Conversely, campaign finance disclosure laws and regulations have largely remained the same. These outdated rules have created an environment where U.S. companies and other donors can indirectly support political and lobbying activities anonymously by making contributions to these tax-exempt groups. The resulting disclosure gap makes it very difficult for investors to piece together a meaningful representation of how their portfolio companies are allocating company resources to political and lobbying activities based solely on publicly available information.
U.S. public companies like Aetna may be particularly reluctant to disclose "special assessments" and other voluntary payments made to trade associations and chambers of commerce, which can eclipse annual dues many times over in any given year: Aetna's $4 million payment to the U.S. Chamber in 2011 is 40 times greater than the dues the company reports paying to the business group the same year. Similarly, contributions from large donors with deep pockets can provide a sizeable chunk of an outside organization's revenue. Aetna's $3 million contribution to the American Action Network, for example, is equal to roughly 10 percent of the total contributions and grants the organization has received since its inception, as reported to the Internal Revenue Service.
Shareholders are responding to the unprecedented growth in corporate political contributions by demanding more transparency from portfolio companies. They also have begun to focus on lobbying expenditures, which exceed corporate political spending nine to one, as well as payments made through trade associations and similar intermediaries to influence legislation and regulations at the local, state and federal levels. Shareholders filed a record 125 proposals on corporate political activity at U.S. companies during the 2012 proxy season.

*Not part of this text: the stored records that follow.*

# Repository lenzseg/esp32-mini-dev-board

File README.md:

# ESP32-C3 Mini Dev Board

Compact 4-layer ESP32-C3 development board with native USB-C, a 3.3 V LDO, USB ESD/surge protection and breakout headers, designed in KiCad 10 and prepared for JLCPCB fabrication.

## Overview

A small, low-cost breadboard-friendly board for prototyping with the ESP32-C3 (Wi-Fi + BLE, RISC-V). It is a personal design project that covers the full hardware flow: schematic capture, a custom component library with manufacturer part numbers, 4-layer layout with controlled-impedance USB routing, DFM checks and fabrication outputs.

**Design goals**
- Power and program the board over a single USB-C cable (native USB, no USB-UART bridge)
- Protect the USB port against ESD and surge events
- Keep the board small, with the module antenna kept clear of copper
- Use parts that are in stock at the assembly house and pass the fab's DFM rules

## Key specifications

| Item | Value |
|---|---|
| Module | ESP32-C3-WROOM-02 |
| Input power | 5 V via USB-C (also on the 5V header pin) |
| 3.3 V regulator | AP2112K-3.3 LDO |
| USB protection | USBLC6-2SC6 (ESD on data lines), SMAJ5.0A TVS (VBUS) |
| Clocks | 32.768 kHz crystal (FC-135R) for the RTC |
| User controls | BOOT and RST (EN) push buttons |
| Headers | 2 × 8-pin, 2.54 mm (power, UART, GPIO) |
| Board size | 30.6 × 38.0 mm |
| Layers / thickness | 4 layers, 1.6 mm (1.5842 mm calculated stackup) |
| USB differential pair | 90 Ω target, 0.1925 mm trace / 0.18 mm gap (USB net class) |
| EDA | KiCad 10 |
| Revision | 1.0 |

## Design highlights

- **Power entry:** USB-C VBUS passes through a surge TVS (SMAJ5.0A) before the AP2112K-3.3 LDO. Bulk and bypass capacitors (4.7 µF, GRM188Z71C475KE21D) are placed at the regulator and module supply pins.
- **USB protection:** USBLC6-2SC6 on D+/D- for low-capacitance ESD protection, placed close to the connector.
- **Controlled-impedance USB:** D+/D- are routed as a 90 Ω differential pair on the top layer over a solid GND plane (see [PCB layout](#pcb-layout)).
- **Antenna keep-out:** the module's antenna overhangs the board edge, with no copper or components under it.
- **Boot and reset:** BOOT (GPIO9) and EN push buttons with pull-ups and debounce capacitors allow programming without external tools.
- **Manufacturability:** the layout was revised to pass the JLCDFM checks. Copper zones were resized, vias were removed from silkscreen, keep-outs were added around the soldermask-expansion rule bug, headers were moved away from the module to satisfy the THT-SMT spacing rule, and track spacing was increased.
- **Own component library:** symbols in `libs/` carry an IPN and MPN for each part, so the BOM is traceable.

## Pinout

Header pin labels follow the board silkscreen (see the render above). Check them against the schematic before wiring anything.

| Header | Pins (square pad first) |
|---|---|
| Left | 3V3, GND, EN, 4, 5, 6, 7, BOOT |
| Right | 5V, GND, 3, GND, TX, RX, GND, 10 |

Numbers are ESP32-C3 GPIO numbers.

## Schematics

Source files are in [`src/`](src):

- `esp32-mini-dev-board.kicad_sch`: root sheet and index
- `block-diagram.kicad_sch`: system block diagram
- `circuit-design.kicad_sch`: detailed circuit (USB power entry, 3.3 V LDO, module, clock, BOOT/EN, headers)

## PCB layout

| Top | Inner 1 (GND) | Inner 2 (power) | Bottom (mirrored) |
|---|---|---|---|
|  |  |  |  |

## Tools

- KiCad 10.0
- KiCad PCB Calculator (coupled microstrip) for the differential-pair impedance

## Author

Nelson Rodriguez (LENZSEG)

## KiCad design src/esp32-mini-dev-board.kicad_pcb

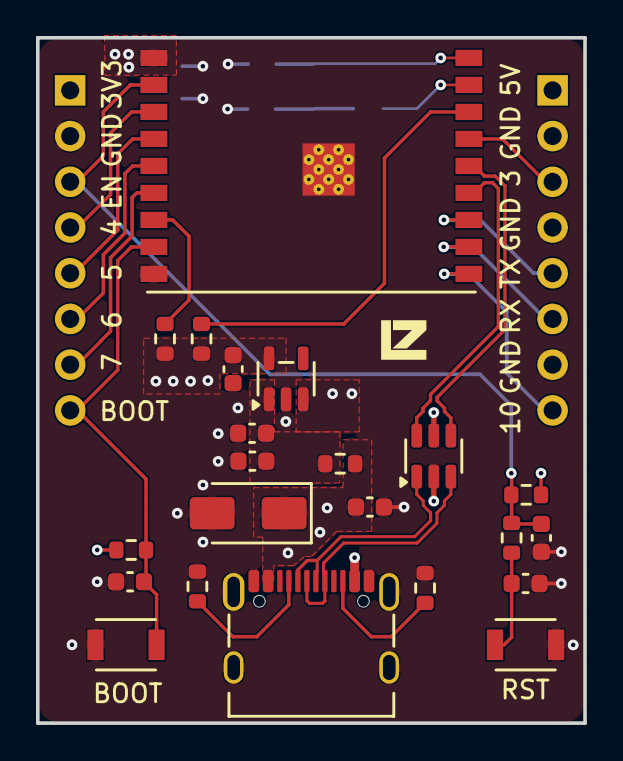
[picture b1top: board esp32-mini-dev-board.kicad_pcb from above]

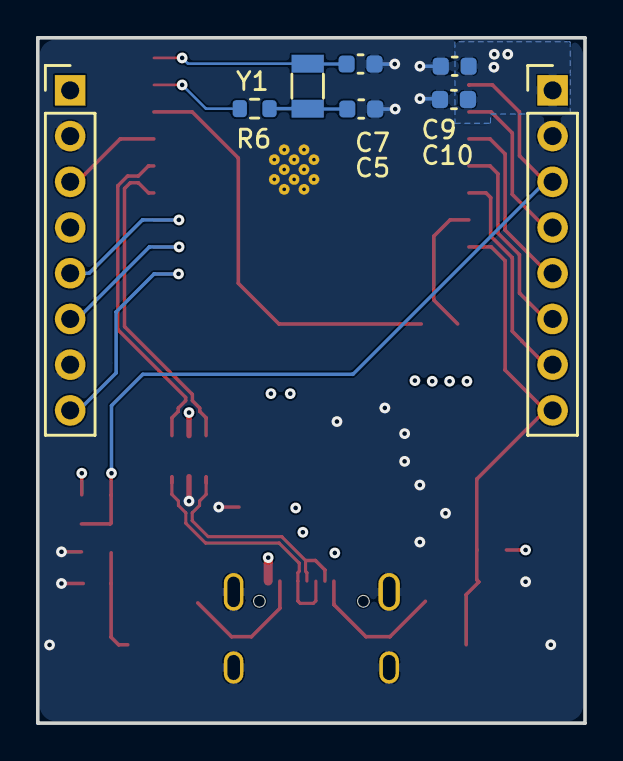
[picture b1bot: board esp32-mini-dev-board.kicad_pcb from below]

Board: 4 copper layers, 30.4 x 38.1 mm, 30 parts (8 on the bottom side), 26 nets.

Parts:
C1, C2, C3, C4, C6, C8, C9, C11: 4.7uF; C_0603_1608Metric
C5, C7, C10: C; C_0603_1608Metric
D1: SMAJ5.0A; D_SMA
J1: USB_C_Receptacle_USB2.0_16P; USB_C_Receptacle_G-Switch_GT-USB-7010ASV
J2, J3: Conn_01x08_Pin; PinHeader_1x08_P2.54mm_Vertical
R1, R2, R3, R4, R5, R6, R7, R8, R9: R; R_0603_1608Metric
SW1, SW2: SW_Push; SW_SPST_B3U-1000P
U1: USBLC6-2SC6; SOT-23-6
U2: AP2112K-3.3; SOT-23-5
U3: ESP32-C3-WROOM-02
Y1: 32.768kHz; Crystal_SMD_3215-2Pin_3.2x1.5mm

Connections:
+3V3: C8.1, C9.1, C10.1, J2.1, R4.1, R7.1, R8.1, R9.1, U2.5 (VOUT), U3.1 (3V3)
+5V: C4.1, C6.1, J3.1, R5.2, U2.1 (VIN), U2.3 (EN)
/CIRCUIT DESIGN/BOOT: C11.1, J2.8, R9.2, SW2.2, U3.8 (IO9)
/CIRCUIT DESIGN/EN: C3.1, J2.3, R3.2, R4.2, U3.2 (EN)
/CIRCUIT DESIGN/IO3: J3.3, U3.15 (IO3)
/CIRCUIT DESIGN/IO4: J2.4, U3.3 (IO4)
/CIRCUIT DESIGN/IO5: J2.5, U3.4 (IO5)
/CIRCUIT DESIGN/IO6: J2.6, U3.5 (IO6)
/CIRCUIT DESIGN/IO7: J2.7, U3.6 (IO7)
/CIRCUIT DESIGN/IO10: J3.8, U3.10 (IO10)
/CIRCUIT DESIGN/RXD: J3.6, U3.11 (IO20/RXD)
/CIRCUIT DESIGN/TXD: J3.5, U3.12 (IO21/TXD)
/CIRCUIT DESIGN/USB_D+: U1.4 (I/O2), U3.14 (IO19)
/CIRCUIT DESIGN/USB_D-: U1.6 (I/O1), U3.13 (IO18)
/CIRCUIT DESIGN/USB_IN+: J1.A6 (D+), J1.B6 (D+), U1.3 (I/O2)
/CIRCUIT DESIGN/USB_IN-: J1.A7 (D-), J1.B7 (D-), U1.1 (I/O1)
/CIRCUIT DESIGN/VBUS: C2.1, D1.1 (A1), J1.A4 (VBUS), J1.A9 (VBUS), J1.B4 (VBUS), J1.B9 (VBUS), R5.1, U1.5 (VBUS)
/CIRCUIT DESIGN/XTAL_32K_N: R6.2, U3.17 (IO1)
/CIRCUIT DESIGN/XTAL_32K_P: C5.1, U3.18 (IO0), Y1.1
GND: C1.2, C2.2, C3.2, C4.2, C5.2, C6.2, C7.2, C8.2, C9.2, C10.2, C11.2, D1.2 (A2), J1.A1 (GND), J1.A12 (GND), J1.B1 (GND), J1.B12 (GND), J1.SH (SHIELD), J2.2, J3.2, J3.4, J3.7, R1.2, R2.2, SW1.1, SW2.1, U1.2 (GND), U2.2 (GND), U3.9 (GND), U3.19 (GND)
unnamed: C1.1, R3.1, SW1.2
unnamed: C7.1, R6.1, Y1.2
unnamed: J1.A5 (CC1), R2.1
unnamed: J1.B5 (CC2), R1.1
unnamed: R7.2, U3.16 (IO2)
unnamed: R8.2, U3.7 (IO8)

"Transparency and comprehensive reporting of political expenditures are quickly becoming important benchmarks of good corporate governance," said Tim Brennan, Treasurer and Chief Financial Officer of the Unitarian Universalist Association.
Investor interest in corporate political spending and lobbying has spread well beyond U.S. borders in recent years. U.S. equities investors from Western European countries, where political spending and lobbying by corporations does not appear to be as widespread, have taken an especially keen interest in the issue.
"Our support for this initiative reflects a growing global convergence of opinion that disclosure and board accountability for corporate political expenditures is fundamental to good corporate governance practices," said Manuel Isaza of Hermes Equity Ownership Services – Americas. "We look forward to working with companies towards enhanced disclosure."
The coalition brings together a broad cross-section of large institutional investors, including public and union-affiliated funds, from the United States, the United Kingdom, and The Netherlands.
Among the signatories of the Aetna letter are: AFL-CIO Office of Investment; The Co-operative Asset Management (UK); F&C Management Ltd. (UK); Hermes Equity Ownership Services (UK); Illinois State Board of Investment; International Brotherhood of Teamsters; Middletown Works Hourly & Salaried Union Retirees Health Care Fund; MN (The Netherlands); New York State Common Retirement Fund; SEIU Pension Plans Master Trust; UAW Retiree Medical Benefits Trust; UFCW Pension Plan for Employees; Unitarian Universalist Association.